Sample frequency and size

Rosstat (previously called Goskomstat; hence, the abbreviation GKS) publishes annual information on average capacity utilization rates for a limited number (43) of consumer, investment, and intermediate goods.³⁹ Questionnaires are sent to all registered industrial enterprises in Russia (except small businesses and a few other exceptions), which are obliged to provide information on the production capacity for every good produced. The number of questionnaires used to calculate the published capacity utilization rates is estimated at roughly 7,000.⁴⁰ At the time of this study, annual data for each of the 43 goods were available for the period 1992–2003; the data for 2004 will only be released at end-2005 or the beginning of 2006.

While Rosstat itself does not publish an overall capacity utilization estimate for industry as a whole, such an estimate is provided by Vladimir Bessonov of the Higher School of Economics (e.g., Bessonov, 2004).

Representativeness of the sample

The representativeness of Rosstat’s sample depends on how representative the selected 43 goods are of the Russian economy, that is, whether the enterprises producing these goods have, on average, the same degree of capacity utilization as industry as a whole.

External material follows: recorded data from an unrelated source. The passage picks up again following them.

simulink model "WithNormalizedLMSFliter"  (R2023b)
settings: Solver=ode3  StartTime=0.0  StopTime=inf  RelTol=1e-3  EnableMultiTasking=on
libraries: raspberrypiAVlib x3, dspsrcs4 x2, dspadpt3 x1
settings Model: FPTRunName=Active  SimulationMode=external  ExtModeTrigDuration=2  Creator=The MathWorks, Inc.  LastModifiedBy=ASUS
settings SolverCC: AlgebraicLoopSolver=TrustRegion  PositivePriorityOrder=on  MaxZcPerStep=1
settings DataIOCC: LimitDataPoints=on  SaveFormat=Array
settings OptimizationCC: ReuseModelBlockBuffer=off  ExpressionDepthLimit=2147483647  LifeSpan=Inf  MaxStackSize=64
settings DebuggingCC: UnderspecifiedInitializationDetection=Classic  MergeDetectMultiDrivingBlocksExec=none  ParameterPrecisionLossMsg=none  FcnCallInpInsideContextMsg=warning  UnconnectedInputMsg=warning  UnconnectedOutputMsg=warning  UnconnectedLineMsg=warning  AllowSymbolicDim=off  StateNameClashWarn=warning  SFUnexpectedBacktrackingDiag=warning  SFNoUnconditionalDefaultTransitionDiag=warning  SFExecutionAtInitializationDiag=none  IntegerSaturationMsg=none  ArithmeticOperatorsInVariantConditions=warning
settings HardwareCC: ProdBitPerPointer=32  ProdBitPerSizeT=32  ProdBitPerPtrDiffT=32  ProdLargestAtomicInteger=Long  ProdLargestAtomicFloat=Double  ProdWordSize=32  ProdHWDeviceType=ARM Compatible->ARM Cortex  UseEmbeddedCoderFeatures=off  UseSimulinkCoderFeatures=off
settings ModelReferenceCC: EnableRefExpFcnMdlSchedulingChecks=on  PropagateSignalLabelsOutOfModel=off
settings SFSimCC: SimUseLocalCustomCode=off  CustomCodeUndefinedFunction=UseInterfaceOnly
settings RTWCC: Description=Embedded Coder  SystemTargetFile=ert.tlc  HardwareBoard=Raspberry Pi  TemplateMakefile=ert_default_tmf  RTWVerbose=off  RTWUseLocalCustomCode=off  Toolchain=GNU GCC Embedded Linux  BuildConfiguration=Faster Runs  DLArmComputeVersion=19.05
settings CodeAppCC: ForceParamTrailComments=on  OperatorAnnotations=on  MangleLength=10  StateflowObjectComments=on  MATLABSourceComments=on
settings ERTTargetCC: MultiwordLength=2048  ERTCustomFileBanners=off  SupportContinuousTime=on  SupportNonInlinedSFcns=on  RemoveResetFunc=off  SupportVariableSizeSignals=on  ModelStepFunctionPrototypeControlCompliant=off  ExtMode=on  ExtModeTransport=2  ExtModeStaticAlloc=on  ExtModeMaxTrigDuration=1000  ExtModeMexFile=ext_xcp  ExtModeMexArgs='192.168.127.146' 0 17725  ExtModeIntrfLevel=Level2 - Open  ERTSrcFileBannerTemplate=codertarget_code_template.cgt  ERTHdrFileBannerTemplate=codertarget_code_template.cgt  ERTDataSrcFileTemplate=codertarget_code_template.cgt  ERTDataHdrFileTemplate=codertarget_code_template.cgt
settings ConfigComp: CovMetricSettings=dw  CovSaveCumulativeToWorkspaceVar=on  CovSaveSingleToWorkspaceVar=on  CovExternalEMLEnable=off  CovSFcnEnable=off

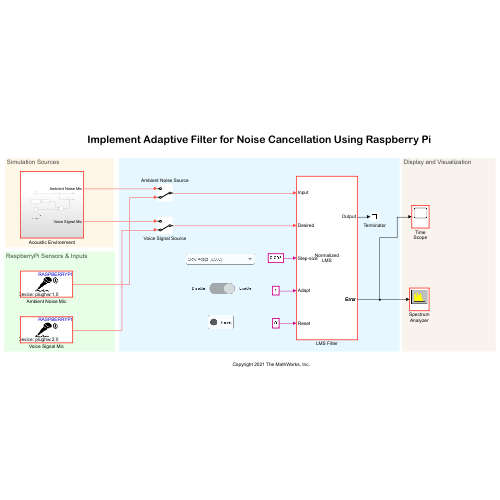
[thumbnail: Simulink's stored preview of the top-level diagram]
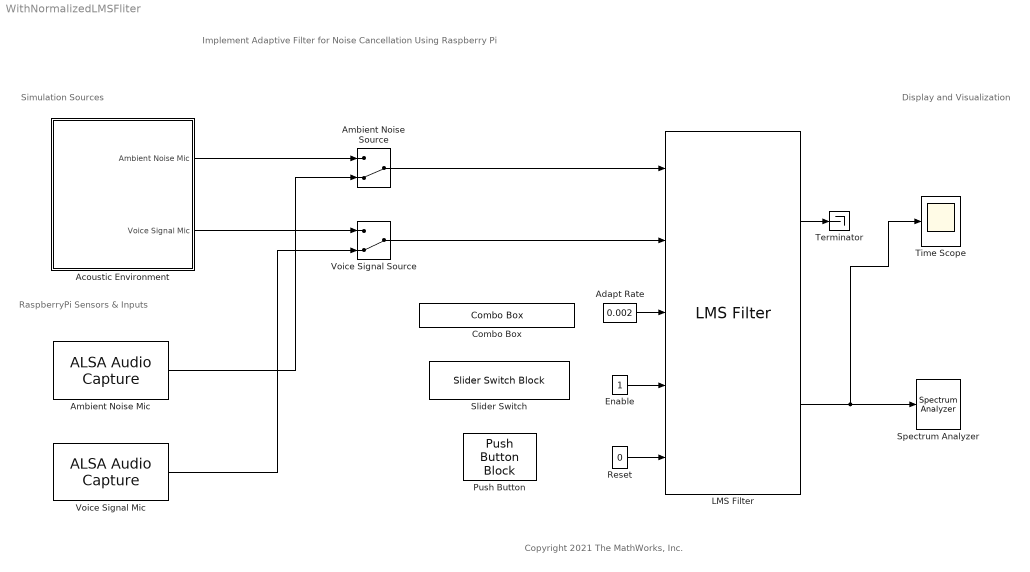
== system WithNormalizedLMSFliter ==
  note: Simulation Sources
  note: Display and Visualization
  note: Implement Adaptive Filter for Noise Cancellation Using Raspberry Pi
  note: RaspberryPi Sensors & Inputs
  note: Copyright 2021 The MathWorks, Inc.
  Acoustic Environment : Subsystem
  Adapt Rate : Constant  Value=0.002  OutDataTypeStr=single
  Ambient Noise Mic : raspberrypiAVlib/ALSA Audio Capture  deviceStr='plughw:1,0'  DataBitDepth=16-bit integer  numberOfChannels=1  sampleRateEnum=8000  frameSize=800  QueueDuration=0.5  blockPlatform=Raspberry Pi
  Ambient Noise Source : ManualSwitch  CurrentSetting=0
  Combo Box : ComboBox  LabelPosition=Hide  SelectedLabel=Slow Adapt (0.002)
      settings: Values={{'Slow Adapt (0.002)', 'Medium Adapt (0.01)', 'Fast Adapt (0.04)'}, [0.002 0.01 0.04]}
  Enable : Constant  OutDataTypeStr=boolean
  LMS Filter : dspadpt3/LMS Filter  Algo=Normalized LMS  L=40  stepflag=Input port  mu=0.1  leakage=1.0  ic=0  Adapt=on  resetflag=Non-zero sample  weights=off  addnparflag=off  roundingMode=Floor  overflowMode=off  secondCoeffMode=Binary point scaling  secondCoeffWordLength=2  secondCoeffFracLength=15  prodOutput2Mode=Binary point scaling  prodOutput2FracLength=20  prodOutput3Mode=Binary point scaling  prodOutput3FracLength=20  prodOutput4Mode=Binary point scaling  prodOutput4FracLength=20  quotientMode=Binary point scaling  quotientFracLength=20  accum2Mode=Binary point scaling  accum2FracLength=20
  Push Button : PushButtonBlock  ButtonText=Reset  Icon=Circle  OffValue=0.000000
  Reset : Constant  Value=0  OutDataTypeStr=boolean
  Slider Switch : SliderSwitchBlock  LabelPosition=Hide
      settings: Values={{'Disable', 'Enable'}, [0 1]}
  Spectrum Analyzer : SpectrumAnalyzer  WindowPosition=[780.000000,175.000000,513.000000,432.000000,]  ScopeFrameLocation=window  SampleRateSource=Property  SampleRate=44.1e3  PlotAsTwoSidedSpectrum=off  AveragingMethod=Exponential  YLimits=[-44.33479165,8.94078475]
      settings: OpenAtSimulationStart=off
  Terminator : Terminator
  Time Scope : Scope
  Voice Signal Mic : raspberrypiAVlib/ALSA Audio Capture  deviceStr='plughw:2,0'  DataBitDepth=16-bit integer  numberOfChannels=1  sampleRateEnum=8000  frameSize=800  QueueDuration=0.5  blockPlatform=Raspberry Pi
  Voice Signal Source : ManualSwitch  CurrentSetting=0
  wires:
  Acoustic Environment/1(Ambient Noise Mic) -> Ambient Noise Source/1
  Ambient Noise Mic/1 -> Ambient Noise Source/2
  Acoustic Environment/2(Voice Signal Mic) -> Voice Signal Source/1
  Voice Signal Mic/1 -> Voice Signal Source/2
  Ambient Noise Source/1 -> LMS Filter/1
  Voice Signal Source/1 -> LMS Filter/2
  Reset/1 -> LMS Filter/5
  Enable/1 -> LMS Filter/4
  Adapt Rate/1 -> LMS Filter/3
  LMS Filter/1 -> Terminator/1
  LMS Filter/2 -> Time Scope/1, Spectrum Analyzer/1

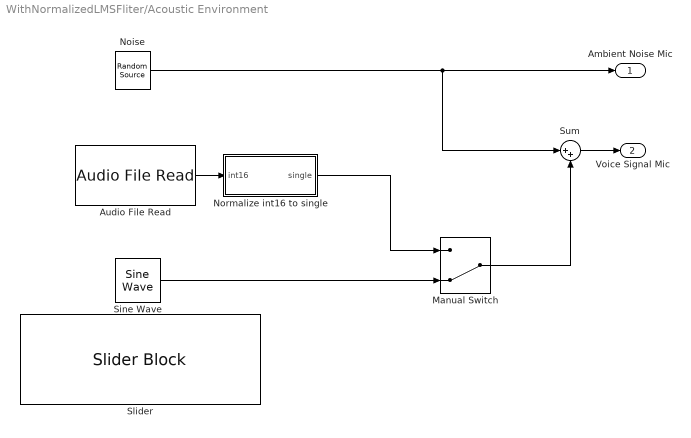
== system WithNormalizedLMSFliter/Acoustic Environment ==
  Audio File Read : raspberrypiAVlib/Audio File Read  FileName=dspafxf_8000.wav  PlayCount=Inf  OutputEOFIndicator=off  SamplesPerFrame=800
  Manual Switch : ManualSwitch  CurrentSetting=0
  Noise : dspsrcs4/Random Source  SrcType=Gaussian  NormMethod=Sum of uniform values  CltLength=5  MinVal=-1  MaxVal=1  MeanVal=0  VarVal=1  RepMode=Specify seed  rawSeed=[23341]  IsInherit=off  SampMode=Discrete  SampTime=1/8000  SampFrame=800  DataType=Single  OutComplex=Real  OutputFrames=off
  Normalize int16 to single : Subsystem
  Sine Wave : dspsrcs4/Sine Wave  Amplitude=1  Frequency=868.6743079584775  Phase=0  SampleMode=Discrete  OutComplex=Real  CompMethod=Trigonometric fcn  TableSize=Speed  SampleTime=1/8000  SamplesPerFrame=800  ResetState=Restart at time zero  OutputFrames=off  dataType=single  wordLen=16  udDataType=sfix(16)  fracBitsMode=Best precision  numFracBits=15  OutDataTypeStr=single  LastOutDataTypeStr=single
  Slider : SliderBlock  LabelPosition=Bottom  ScaleMin=500  ScaleMax=1000  TickInterval=100
  Sum : Sum  Inputs=|++  InputSameDT=on  SaturateOnIntegerOverflow=on  OutDataTypeStr=Inherit: Same as first input
  Ambient Noise Mic : Outport
  Voice Signal Mic : Outport  Port=2
  wires:
  Sum/1 -> Voice Signal Mic/1
  Noise/1 -> Ambient Noise Mic/1, Sum/1
  Audio File Read/1 -> Normalize int16 to single/1(int16)
  Manual Switch/1 -> Sum/2
  Normalize int16 to single/1(single) -> Manual Switch/1
  Sine Wave/1 -> Manual Switch/2

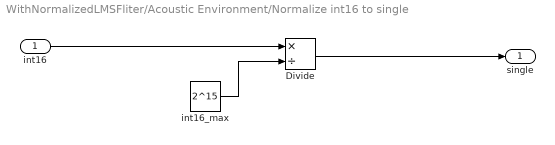
== system WithNormalizedLMSFliter/Acoustic Environment/Normalize int16 to single ==
  int16 : Inport
  Divide : Product  Inputs=*/  OutDataTypeStr=single
  int16_max : Constant  Value=2^15  OutDataTypeStr=single  SampleTime=-1
  single : Outport
  wires:
  int16_max/1 -> Divide/2
  Divide/1 -> single/1
  int16/1 -> Divide/1

Rosstat could not provide any information in this regard, other than to indicate that the 43 goods were selected in agreement with the Ministry of Economic Development and Trade on the basis of their “economic importance.” Most likely, this means that the 43 goods were the ones that had the largest shares in nominal industrial output at the time they were selected. If this is the case, then there is no guarantee that the enterprises producing these goods are representative in terms of their capacity utilization rate. While GKS does update its sample every year, its choice of 43 representative goods and the share of these goods in total output have not been updated.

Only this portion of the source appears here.